## Exercise directions
Give back exactly the lines of the entries below from the line with "line L43 (-238.3521, 11.5) -> (-239.99, 7)" to the line with "line L49 (-229.1474, 7)", inclusive, and only those.

Records drawn from a dataset:

- Opening Delimiter -

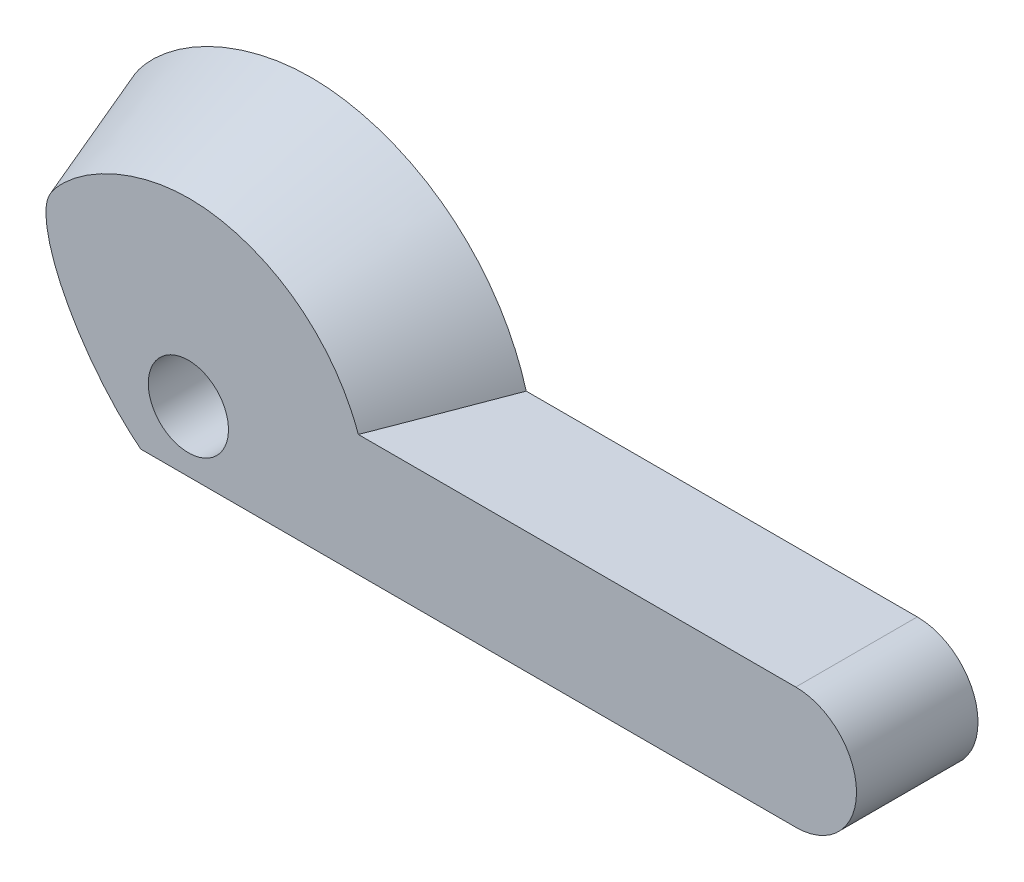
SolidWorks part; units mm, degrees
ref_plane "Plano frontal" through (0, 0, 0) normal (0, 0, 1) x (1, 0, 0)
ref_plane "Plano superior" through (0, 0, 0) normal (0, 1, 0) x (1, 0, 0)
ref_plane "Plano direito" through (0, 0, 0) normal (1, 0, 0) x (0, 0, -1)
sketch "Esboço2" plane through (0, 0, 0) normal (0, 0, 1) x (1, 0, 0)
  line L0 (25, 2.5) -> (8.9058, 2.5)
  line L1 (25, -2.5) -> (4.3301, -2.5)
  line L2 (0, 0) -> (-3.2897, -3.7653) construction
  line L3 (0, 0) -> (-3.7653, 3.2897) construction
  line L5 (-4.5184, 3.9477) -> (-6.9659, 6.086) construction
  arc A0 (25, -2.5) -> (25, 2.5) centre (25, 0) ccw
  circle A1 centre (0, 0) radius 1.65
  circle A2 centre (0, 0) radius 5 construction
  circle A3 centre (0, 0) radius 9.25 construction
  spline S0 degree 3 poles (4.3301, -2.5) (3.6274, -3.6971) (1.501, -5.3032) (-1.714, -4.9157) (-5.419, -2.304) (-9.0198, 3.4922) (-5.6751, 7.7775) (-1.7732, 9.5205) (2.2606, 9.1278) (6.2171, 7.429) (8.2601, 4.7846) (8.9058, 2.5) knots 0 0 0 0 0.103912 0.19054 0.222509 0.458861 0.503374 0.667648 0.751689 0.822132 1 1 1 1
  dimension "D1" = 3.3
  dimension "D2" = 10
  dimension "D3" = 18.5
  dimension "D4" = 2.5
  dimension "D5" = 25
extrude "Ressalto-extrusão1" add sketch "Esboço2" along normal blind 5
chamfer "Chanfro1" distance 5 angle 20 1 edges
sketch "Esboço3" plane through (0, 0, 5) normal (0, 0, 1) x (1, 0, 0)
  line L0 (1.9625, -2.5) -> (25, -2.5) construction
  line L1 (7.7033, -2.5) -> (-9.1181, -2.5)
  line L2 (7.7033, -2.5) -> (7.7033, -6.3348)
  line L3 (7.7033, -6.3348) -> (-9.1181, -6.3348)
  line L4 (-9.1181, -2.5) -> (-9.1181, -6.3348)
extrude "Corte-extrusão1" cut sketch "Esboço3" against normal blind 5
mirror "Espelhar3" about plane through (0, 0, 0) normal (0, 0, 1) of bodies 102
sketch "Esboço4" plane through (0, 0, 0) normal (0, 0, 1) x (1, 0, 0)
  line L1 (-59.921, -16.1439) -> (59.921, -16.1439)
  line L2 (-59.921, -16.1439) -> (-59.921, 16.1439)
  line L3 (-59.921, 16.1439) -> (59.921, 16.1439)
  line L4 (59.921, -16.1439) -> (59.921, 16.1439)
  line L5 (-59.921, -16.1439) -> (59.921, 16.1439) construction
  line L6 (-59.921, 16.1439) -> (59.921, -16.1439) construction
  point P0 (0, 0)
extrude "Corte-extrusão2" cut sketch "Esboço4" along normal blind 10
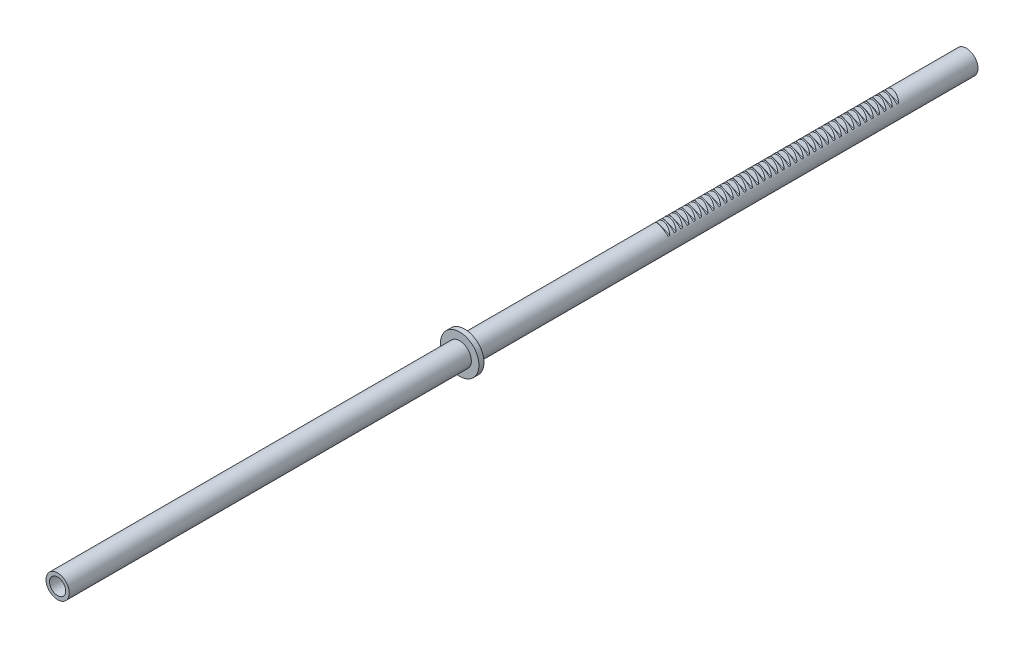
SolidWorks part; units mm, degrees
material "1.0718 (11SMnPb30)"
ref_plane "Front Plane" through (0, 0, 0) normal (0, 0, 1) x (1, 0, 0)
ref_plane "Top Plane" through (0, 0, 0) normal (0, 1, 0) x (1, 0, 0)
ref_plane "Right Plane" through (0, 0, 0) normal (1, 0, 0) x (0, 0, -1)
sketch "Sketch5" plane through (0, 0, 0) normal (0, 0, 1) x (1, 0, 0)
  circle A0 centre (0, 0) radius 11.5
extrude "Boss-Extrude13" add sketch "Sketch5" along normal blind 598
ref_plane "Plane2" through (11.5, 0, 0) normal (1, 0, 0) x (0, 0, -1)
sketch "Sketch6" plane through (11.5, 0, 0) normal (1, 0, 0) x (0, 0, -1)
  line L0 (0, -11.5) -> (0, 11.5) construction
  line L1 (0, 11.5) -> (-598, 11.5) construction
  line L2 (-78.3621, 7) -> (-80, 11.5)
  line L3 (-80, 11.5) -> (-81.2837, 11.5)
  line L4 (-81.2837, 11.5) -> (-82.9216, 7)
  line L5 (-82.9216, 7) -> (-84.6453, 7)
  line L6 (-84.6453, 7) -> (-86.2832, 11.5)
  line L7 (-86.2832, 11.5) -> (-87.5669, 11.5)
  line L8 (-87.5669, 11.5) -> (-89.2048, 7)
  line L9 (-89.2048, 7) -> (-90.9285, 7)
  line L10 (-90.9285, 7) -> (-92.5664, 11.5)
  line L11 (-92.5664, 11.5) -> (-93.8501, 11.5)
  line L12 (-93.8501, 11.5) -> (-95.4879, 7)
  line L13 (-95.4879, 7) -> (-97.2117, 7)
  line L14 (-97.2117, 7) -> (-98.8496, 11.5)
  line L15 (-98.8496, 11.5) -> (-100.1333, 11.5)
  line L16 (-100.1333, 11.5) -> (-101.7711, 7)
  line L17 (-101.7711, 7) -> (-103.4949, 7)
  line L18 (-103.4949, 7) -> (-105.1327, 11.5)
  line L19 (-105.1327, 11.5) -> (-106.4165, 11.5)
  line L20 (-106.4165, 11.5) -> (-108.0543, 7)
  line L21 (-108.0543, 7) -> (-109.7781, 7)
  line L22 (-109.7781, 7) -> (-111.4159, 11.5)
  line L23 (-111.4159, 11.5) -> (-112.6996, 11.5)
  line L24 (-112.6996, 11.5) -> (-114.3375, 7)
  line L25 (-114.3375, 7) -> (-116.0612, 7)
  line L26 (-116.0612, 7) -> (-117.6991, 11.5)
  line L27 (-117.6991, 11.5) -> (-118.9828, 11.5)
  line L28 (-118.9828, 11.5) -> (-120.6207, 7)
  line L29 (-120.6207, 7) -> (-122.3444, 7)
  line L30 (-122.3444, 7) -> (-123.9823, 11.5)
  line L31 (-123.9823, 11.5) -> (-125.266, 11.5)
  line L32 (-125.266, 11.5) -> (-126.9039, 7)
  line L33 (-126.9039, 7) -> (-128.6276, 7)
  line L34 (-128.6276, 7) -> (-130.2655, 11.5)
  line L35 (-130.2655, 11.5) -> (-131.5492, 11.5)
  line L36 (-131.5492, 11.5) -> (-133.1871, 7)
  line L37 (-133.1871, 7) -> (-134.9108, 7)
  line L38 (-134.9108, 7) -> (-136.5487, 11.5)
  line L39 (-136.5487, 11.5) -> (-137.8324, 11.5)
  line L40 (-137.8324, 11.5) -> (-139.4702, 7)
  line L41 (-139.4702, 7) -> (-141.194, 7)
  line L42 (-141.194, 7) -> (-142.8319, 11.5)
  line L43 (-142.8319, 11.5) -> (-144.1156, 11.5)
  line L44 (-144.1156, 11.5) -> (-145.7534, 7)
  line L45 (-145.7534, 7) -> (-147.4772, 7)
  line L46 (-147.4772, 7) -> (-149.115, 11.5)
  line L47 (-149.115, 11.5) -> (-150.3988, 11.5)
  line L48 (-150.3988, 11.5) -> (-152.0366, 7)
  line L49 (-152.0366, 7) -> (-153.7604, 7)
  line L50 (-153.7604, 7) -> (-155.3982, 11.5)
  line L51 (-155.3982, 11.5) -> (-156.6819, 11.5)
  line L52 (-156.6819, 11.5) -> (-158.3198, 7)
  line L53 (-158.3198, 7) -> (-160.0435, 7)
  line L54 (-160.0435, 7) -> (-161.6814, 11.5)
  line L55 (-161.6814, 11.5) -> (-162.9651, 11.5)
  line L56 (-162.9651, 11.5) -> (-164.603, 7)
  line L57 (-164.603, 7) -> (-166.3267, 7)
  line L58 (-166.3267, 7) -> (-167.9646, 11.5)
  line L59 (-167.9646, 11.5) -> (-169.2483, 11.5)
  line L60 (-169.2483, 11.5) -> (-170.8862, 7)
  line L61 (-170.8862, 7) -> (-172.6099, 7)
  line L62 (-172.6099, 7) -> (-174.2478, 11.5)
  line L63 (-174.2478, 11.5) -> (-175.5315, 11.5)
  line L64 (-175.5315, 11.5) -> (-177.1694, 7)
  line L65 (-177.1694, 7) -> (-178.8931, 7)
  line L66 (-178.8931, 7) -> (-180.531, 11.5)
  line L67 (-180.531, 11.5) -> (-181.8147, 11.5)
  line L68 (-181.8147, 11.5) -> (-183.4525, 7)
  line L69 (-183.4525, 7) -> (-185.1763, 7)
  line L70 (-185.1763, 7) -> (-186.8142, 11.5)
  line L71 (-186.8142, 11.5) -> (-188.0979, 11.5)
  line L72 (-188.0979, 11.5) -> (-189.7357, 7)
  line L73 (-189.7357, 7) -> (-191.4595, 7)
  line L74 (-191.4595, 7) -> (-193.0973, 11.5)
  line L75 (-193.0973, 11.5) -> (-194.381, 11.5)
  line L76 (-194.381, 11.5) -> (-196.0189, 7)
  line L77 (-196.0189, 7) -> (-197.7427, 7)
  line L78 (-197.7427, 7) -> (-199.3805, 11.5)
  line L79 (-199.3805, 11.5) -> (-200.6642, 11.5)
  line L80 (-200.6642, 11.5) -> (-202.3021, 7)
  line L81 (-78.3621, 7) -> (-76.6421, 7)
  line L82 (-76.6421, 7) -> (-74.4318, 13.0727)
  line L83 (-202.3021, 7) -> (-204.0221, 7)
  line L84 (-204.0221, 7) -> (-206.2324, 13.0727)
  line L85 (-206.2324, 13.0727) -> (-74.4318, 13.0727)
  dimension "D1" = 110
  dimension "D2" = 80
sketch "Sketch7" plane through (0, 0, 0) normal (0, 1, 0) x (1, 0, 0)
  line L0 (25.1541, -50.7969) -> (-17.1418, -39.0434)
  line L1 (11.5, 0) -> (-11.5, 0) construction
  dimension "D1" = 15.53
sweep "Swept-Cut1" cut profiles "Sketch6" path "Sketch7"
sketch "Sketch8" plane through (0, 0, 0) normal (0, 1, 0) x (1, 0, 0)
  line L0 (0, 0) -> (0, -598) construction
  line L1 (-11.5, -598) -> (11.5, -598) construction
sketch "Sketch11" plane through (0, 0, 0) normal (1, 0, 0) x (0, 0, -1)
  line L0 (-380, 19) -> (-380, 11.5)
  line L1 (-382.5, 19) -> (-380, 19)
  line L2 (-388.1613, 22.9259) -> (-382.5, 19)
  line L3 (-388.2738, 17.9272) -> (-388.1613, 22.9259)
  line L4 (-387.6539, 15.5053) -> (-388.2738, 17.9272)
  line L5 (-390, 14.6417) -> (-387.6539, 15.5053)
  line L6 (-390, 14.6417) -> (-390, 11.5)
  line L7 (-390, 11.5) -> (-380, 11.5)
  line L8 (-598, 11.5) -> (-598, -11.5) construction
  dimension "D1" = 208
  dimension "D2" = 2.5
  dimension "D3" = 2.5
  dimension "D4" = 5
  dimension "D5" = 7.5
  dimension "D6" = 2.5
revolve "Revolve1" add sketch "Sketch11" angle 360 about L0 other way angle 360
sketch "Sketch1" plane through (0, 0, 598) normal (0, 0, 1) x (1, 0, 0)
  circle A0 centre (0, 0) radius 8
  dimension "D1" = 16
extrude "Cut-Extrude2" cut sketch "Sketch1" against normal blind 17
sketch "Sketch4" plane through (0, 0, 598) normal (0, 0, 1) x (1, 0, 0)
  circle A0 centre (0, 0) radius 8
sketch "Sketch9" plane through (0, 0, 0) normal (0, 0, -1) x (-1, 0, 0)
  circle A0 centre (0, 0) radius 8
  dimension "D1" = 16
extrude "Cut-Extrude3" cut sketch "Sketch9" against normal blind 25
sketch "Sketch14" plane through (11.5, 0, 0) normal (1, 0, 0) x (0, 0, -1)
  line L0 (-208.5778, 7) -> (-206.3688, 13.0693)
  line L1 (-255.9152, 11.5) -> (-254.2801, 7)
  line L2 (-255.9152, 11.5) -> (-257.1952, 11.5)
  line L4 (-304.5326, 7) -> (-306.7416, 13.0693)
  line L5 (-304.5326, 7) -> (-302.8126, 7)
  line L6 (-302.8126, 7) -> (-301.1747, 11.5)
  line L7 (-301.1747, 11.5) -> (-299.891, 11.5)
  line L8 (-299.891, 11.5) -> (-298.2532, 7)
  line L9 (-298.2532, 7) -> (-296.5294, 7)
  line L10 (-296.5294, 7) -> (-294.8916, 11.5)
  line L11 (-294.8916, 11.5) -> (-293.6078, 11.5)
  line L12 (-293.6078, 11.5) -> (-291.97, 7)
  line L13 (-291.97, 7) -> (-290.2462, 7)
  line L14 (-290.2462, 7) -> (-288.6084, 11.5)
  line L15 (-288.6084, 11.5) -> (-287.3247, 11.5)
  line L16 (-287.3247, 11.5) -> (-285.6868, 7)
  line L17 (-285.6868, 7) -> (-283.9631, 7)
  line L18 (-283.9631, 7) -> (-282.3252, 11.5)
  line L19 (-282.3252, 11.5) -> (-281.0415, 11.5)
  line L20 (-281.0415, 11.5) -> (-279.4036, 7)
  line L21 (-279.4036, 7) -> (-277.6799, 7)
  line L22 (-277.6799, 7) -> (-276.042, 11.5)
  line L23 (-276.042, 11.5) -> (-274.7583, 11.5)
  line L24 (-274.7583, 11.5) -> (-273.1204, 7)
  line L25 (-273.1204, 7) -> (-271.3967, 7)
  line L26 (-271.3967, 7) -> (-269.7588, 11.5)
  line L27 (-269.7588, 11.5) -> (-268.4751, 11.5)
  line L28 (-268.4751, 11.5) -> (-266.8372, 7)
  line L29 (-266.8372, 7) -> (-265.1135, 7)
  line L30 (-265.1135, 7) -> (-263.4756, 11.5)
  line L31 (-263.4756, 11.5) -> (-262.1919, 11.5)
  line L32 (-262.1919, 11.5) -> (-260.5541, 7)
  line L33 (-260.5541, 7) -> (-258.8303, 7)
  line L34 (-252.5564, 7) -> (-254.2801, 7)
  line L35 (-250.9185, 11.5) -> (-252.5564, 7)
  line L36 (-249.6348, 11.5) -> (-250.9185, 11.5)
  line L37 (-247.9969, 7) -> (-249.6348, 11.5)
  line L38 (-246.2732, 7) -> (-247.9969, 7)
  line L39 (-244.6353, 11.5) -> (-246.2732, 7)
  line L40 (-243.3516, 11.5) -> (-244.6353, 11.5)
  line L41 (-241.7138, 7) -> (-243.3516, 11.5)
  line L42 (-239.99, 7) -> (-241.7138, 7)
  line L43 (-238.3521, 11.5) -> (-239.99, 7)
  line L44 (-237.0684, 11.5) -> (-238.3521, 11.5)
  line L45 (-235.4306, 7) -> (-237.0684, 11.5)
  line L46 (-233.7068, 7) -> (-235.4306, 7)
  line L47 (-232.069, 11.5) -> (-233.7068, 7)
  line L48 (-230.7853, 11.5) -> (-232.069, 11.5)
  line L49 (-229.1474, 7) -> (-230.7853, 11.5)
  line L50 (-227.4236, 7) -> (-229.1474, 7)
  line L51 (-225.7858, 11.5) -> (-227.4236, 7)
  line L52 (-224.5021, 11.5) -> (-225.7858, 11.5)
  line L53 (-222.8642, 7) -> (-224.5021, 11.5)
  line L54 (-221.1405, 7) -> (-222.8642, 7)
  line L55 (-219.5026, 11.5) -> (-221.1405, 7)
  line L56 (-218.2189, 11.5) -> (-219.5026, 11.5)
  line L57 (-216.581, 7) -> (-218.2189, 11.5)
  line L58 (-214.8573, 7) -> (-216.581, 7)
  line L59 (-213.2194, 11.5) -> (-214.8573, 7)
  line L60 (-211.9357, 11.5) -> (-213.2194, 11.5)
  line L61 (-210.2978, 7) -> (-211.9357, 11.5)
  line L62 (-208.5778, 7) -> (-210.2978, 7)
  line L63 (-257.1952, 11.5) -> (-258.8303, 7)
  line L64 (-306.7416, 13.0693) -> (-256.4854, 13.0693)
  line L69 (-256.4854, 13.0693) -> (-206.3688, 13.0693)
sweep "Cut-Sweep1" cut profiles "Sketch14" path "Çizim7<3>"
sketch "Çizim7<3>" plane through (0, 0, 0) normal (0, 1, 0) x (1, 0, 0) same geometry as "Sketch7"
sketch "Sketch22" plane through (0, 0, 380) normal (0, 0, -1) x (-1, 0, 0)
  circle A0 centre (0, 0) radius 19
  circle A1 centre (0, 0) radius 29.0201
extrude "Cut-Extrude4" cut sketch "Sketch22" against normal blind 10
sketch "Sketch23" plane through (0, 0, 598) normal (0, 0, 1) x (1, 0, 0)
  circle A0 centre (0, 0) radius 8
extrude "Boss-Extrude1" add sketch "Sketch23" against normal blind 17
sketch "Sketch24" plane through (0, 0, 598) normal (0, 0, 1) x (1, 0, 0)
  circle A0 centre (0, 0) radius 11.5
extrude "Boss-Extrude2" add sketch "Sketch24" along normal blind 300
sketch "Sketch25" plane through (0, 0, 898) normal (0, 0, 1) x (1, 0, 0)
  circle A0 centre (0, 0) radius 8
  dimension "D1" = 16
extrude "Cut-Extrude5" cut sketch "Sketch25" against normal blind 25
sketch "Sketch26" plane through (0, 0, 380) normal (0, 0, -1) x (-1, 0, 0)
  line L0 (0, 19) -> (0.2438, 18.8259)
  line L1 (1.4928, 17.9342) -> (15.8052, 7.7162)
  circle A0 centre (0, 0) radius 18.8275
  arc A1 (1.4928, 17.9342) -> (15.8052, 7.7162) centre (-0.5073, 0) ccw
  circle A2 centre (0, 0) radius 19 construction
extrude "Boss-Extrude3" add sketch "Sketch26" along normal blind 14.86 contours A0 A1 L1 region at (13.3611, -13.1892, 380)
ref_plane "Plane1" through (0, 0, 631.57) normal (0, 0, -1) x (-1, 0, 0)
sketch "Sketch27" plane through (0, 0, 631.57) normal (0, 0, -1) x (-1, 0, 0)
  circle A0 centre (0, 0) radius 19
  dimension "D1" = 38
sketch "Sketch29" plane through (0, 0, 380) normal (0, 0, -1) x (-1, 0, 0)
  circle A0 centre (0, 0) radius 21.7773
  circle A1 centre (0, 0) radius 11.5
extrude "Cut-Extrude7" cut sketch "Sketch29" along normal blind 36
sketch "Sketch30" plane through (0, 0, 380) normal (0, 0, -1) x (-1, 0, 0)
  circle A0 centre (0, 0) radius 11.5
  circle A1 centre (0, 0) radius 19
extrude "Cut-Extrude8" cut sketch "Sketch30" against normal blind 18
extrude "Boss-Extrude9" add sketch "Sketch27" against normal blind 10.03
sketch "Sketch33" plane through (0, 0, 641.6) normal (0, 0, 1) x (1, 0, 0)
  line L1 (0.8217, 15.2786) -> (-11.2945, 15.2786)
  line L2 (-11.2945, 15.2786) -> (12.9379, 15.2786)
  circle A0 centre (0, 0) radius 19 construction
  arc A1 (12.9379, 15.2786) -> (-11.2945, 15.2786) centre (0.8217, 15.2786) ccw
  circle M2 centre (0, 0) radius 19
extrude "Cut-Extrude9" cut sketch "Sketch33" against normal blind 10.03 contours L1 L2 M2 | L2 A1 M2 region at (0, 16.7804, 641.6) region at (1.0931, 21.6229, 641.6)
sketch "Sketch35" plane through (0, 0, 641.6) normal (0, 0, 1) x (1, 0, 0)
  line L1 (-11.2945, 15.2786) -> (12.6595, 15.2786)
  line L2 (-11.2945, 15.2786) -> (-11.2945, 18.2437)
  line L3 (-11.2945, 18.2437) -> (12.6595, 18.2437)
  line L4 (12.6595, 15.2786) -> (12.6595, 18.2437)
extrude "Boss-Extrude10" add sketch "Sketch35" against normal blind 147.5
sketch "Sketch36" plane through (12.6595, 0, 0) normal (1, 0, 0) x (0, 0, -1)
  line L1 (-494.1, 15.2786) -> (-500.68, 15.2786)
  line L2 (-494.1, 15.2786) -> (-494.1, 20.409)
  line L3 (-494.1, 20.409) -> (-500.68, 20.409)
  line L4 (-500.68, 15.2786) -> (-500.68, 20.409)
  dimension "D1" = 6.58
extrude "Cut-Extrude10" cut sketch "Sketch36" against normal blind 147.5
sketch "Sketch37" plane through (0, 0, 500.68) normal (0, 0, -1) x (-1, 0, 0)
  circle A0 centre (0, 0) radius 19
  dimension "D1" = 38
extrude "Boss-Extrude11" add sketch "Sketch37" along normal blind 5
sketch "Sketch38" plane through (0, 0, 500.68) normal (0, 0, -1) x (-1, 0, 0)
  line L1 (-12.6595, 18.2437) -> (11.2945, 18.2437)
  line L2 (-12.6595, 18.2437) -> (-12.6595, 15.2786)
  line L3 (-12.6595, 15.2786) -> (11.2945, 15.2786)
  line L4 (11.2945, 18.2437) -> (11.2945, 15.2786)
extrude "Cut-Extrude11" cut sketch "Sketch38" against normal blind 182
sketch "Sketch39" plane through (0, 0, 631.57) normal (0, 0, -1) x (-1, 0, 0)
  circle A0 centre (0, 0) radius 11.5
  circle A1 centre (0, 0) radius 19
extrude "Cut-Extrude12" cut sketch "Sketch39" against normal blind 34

- Closing Delimiter -

## Your response
  line L43 (-238.3521, 11.5) -> (-239.99, 7)
  line L44 (-237.0684, 11.5) -> (-238.3521, 11.5)
  line L45 (-235.4306, 7) -> (-237.0684, 11.5)
  line L46 (-233.7068, 7) -> (-235.4306, 7)
  line L47 (-232.069, 11.5) -> (-233.7068, 7)
  line L48 (-230.7853, 11.5) -> (-232.069, 11.5)
  line L49 (-229.1474, 7) -> (-230.7853, 11.5)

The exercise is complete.